#### [Work instructions]
Both the line containing "FILE_DESCRIPTION(('STEP AP214'),'2;1');" and the line containing "#12=(NAMED_UNIT(*) SI_UNIT($,.STERADIAN.) SOLID_ANGLE_UNIT());" belong to the span. Output exactly that span from the listing below, and nothing outside it.

---------------

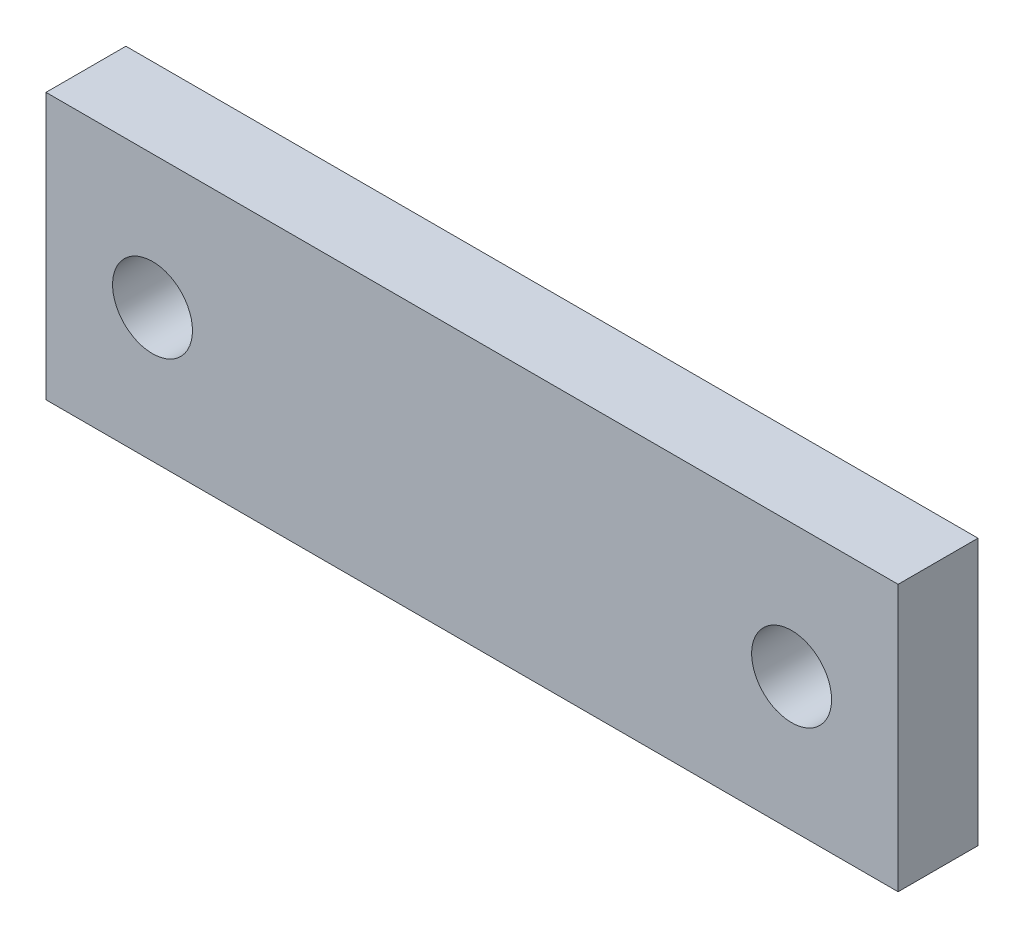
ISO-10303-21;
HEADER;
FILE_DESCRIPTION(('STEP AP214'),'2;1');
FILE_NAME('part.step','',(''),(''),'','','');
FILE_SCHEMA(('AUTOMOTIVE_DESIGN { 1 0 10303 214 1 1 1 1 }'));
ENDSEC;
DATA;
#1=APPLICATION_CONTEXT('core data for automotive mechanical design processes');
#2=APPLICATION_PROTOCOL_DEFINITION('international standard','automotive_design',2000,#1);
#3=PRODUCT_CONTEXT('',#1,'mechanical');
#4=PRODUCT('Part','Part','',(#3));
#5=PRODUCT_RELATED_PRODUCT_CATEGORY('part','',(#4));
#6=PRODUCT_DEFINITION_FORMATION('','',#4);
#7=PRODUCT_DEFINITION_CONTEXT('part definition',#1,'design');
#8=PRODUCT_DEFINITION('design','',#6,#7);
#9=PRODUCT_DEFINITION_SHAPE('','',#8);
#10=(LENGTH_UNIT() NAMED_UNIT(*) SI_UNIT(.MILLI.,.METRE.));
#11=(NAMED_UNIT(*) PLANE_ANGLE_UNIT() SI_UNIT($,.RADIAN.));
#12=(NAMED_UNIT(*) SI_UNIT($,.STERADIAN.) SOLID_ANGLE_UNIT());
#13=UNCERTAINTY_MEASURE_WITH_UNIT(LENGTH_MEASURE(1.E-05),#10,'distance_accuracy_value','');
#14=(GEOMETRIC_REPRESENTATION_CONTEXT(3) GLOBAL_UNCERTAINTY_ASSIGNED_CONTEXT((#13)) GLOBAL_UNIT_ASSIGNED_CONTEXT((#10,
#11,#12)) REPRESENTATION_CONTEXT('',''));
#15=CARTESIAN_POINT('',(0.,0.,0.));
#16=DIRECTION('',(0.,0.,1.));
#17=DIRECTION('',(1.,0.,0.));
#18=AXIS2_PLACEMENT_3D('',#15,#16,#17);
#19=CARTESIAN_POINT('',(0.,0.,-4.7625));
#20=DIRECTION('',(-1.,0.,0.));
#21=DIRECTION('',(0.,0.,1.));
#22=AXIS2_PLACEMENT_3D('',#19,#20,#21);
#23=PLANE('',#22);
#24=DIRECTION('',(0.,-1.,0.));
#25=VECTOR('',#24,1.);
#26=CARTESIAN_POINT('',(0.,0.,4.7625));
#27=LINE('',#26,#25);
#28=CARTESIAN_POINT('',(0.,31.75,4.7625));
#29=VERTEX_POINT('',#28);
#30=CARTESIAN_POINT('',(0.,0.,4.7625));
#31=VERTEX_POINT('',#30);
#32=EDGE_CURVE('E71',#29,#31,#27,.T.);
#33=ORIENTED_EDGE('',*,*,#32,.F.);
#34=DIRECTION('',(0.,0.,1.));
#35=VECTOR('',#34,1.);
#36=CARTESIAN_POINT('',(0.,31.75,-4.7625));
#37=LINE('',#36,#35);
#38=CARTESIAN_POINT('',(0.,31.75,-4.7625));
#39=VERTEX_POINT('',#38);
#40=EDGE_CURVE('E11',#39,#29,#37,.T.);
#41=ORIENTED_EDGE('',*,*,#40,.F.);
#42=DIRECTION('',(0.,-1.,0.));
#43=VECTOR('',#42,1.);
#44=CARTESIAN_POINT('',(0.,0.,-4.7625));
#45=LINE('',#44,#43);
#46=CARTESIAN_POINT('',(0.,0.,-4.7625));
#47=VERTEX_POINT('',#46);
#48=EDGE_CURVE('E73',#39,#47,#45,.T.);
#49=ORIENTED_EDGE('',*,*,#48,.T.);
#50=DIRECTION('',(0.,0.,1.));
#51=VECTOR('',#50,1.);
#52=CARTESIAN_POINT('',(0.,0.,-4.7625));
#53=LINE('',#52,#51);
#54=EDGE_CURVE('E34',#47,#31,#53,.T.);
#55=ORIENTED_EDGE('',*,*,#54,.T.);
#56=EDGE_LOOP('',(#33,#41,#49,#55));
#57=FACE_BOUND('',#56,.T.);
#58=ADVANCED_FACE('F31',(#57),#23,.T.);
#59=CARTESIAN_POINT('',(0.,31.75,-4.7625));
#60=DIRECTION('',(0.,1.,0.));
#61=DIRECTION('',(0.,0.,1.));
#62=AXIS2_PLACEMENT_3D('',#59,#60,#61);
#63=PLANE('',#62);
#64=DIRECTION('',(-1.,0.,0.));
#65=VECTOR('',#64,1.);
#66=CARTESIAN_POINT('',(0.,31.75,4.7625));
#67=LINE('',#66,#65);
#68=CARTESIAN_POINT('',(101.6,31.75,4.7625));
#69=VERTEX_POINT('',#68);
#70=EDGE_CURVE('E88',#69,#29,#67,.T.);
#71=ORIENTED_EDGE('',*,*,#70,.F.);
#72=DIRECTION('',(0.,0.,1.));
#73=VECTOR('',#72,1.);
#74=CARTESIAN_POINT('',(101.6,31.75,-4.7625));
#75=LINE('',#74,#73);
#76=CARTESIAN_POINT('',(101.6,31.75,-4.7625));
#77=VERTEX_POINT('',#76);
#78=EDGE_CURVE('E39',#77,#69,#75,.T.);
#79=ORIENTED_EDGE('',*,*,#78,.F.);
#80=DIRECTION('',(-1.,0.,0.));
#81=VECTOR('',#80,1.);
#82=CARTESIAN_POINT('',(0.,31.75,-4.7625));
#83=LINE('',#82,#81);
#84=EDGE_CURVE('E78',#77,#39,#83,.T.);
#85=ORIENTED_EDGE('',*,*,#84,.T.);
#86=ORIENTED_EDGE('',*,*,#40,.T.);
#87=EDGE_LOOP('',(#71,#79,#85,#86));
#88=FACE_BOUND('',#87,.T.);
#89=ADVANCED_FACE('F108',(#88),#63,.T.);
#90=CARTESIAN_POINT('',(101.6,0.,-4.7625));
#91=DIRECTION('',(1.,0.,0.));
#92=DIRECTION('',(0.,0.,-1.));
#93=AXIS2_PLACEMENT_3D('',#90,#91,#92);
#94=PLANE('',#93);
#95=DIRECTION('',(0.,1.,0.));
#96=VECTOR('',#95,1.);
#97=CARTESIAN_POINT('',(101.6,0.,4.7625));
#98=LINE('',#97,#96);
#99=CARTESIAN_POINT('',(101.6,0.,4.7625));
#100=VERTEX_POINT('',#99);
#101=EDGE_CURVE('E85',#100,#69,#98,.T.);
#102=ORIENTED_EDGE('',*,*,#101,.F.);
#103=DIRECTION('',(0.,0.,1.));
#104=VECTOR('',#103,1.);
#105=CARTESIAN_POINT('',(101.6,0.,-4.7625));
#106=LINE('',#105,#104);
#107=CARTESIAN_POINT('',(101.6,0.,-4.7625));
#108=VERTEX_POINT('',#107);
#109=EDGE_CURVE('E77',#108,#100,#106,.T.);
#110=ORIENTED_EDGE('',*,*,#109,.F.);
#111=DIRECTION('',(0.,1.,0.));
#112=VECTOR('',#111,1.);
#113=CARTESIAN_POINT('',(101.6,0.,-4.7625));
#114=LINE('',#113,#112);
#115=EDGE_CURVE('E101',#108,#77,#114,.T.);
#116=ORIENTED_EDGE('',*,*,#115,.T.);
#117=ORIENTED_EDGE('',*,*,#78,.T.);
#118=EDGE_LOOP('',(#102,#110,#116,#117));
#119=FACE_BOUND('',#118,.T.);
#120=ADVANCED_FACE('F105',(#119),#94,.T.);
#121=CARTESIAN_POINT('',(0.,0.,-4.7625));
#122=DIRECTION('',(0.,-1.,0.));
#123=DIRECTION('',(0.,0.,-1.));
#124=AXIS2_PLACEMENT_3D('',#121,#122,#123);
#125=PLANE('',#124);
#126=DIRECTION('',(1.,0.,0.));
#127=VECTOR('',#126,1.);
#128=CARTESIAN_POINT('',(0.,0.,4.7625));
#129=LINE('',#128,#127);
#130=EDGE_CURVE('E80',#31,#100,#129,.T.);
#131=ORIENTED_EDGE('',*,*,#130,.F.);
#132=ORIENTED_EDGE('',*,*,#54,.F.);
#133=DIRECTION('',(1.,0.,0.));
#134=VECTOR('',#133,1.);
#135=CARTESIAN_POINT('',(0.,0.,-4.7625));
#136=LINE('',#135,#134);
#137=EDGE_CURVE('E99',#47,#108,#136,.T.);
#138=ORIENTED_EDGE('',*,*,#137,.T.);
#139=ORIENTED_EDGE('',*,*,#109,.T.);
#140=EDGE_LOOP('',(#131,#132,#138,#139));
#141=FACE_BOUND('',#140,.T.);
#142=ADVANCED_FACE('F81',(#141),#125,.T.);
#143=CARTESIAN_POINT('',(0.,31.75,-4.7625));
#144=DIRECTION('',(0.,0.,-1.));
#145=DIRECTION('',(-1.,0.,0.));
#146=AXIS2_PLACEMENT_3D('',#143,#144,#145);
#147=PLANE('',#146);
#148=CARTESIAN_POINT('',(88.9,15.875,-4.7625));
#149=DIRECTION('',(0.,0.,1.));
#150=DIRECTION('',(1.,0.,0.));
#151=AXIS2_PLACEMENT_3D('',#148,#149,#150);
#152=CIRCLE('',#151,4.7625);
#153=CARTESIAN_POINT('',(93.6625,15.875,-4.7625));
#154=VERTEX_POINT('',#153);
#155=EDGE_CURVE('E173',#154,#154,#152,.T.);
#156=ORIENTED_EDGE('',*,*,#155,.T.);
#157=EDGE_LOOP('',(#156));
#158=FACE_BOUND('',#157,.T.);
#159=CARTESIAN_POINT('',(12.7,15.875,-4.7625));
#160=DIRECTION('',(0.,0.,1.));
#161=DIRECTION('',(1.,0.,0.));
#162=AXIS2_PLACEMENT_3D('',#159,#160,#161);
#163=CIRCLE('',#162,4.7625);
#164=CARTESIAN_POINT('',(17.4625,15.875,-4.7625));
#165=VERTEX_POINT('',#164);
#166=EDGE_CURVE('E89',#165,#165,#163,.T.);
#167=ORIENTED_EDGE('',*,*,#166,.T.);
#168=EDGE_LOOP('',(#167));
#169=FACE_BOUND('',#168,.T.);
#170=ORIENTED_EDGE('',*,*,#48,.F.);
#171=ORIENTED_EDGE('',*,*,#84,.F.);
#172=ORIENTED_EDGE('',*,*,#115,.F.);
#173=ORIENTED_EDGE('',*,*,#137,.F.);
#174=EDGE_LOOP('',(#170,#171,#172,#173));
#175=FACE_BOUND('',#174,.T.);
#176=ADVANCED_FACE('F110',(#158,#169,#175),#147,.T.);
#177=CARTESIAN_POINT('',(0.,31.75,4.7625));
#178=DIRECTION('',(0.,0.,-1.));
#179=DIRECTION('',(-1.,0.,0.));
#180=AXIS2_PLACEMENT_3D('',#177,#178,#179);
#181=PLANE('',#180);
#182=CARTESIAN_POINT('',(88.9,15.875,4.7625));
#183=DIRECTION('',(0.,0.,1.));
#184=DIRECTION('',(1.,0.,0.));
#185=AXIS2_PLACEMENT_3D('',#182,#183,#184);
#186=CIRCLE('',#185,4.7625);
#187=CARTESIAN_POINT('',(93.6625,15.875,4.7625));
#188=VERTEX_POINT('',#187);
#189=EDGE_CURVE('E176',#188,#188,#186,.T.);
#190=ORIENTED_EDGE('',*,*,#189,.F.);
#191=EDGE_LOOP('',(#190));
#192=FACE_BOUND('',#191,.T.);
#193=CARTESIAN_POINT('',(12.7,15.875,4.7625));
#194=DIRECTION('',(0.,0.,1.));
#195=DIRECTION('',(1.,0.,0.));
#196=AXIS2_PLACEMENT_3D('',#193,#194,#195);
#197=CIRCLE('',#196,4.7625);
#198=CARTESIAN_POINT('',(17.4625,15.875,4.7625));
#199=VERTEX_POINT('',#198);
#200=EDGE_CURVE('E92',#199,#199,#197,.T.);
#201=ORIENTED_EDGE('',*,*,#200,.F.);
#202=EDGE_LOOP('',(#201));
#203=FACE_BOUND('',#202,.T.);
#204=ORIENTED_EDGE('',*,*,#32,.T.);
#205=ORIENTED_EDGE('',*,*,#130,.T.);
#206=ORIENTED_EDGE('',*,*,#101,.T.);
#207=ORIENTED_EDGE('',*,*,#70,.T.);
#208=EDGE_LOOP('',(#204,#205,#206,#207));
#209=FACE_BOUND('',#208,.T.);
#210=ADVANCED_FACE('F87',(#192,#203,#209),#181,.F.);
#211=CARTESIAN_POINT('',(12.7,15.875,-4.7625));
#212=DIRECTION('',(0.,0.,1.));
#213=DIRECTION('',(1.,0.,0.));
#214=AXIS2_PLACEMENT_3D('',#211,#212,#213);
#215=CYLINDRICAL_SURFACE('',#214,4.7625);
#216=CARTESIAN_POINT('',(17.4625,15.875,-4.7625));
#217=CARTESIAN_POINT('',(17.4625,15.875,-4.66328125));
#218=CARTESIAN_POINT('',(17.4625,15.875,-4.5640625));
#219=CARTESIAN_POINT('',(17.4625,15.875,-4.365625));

---------------

#### [Solved exercise]
FILE_DESCRIPTION(('STEP AP214'),'2;1');
FILE_NAME('part.step','',(''),(''),'','','');
FILE_SCHEMA(('AUTOMOTIVE_DESIGN { 1 0 10303 214 1 1 1 1 }'));
ENDSEC;
DATA;
#1=APPLICATION_CONTEXT('core data for automotive mechanical design processes');
#2=APPLICATION_PROTOCOL_DEFINITION('international standard','automotive_design',2000,#1);
#3=PRODUCT_CONTEXT('',#1,'mechanical');
#4=PRODUCT('Part','Part','',(#3));
#5=PRODUCT_RELATED_PRODUCT_CATEGORY('part','',(#4));
#6=PRODUCT_DEFINITION_FORMATION('','',#4);
#7=PRODUCT_DEFINITION_CONTEXT('part definition',#1,'design');
#8=PRODUCT_DEFINITION('design','',#6,#7);
#9=PRODUCT_DEFINITION_SHAPE('','',#8);
#10=(LENGTH_UNIT() NAMED_UNIT(*) SI_UNIT(.MILLI.,.METRE.));
#11=(NAMED_UNIT(*) PLANE_ANGLE_UNIT() SI_UNIT($,.RADIAN.));
#12=(NAMED_UNIT(*) SI_UNIT($,.STERADIAN.) SOLID_ANGLE_UNIT());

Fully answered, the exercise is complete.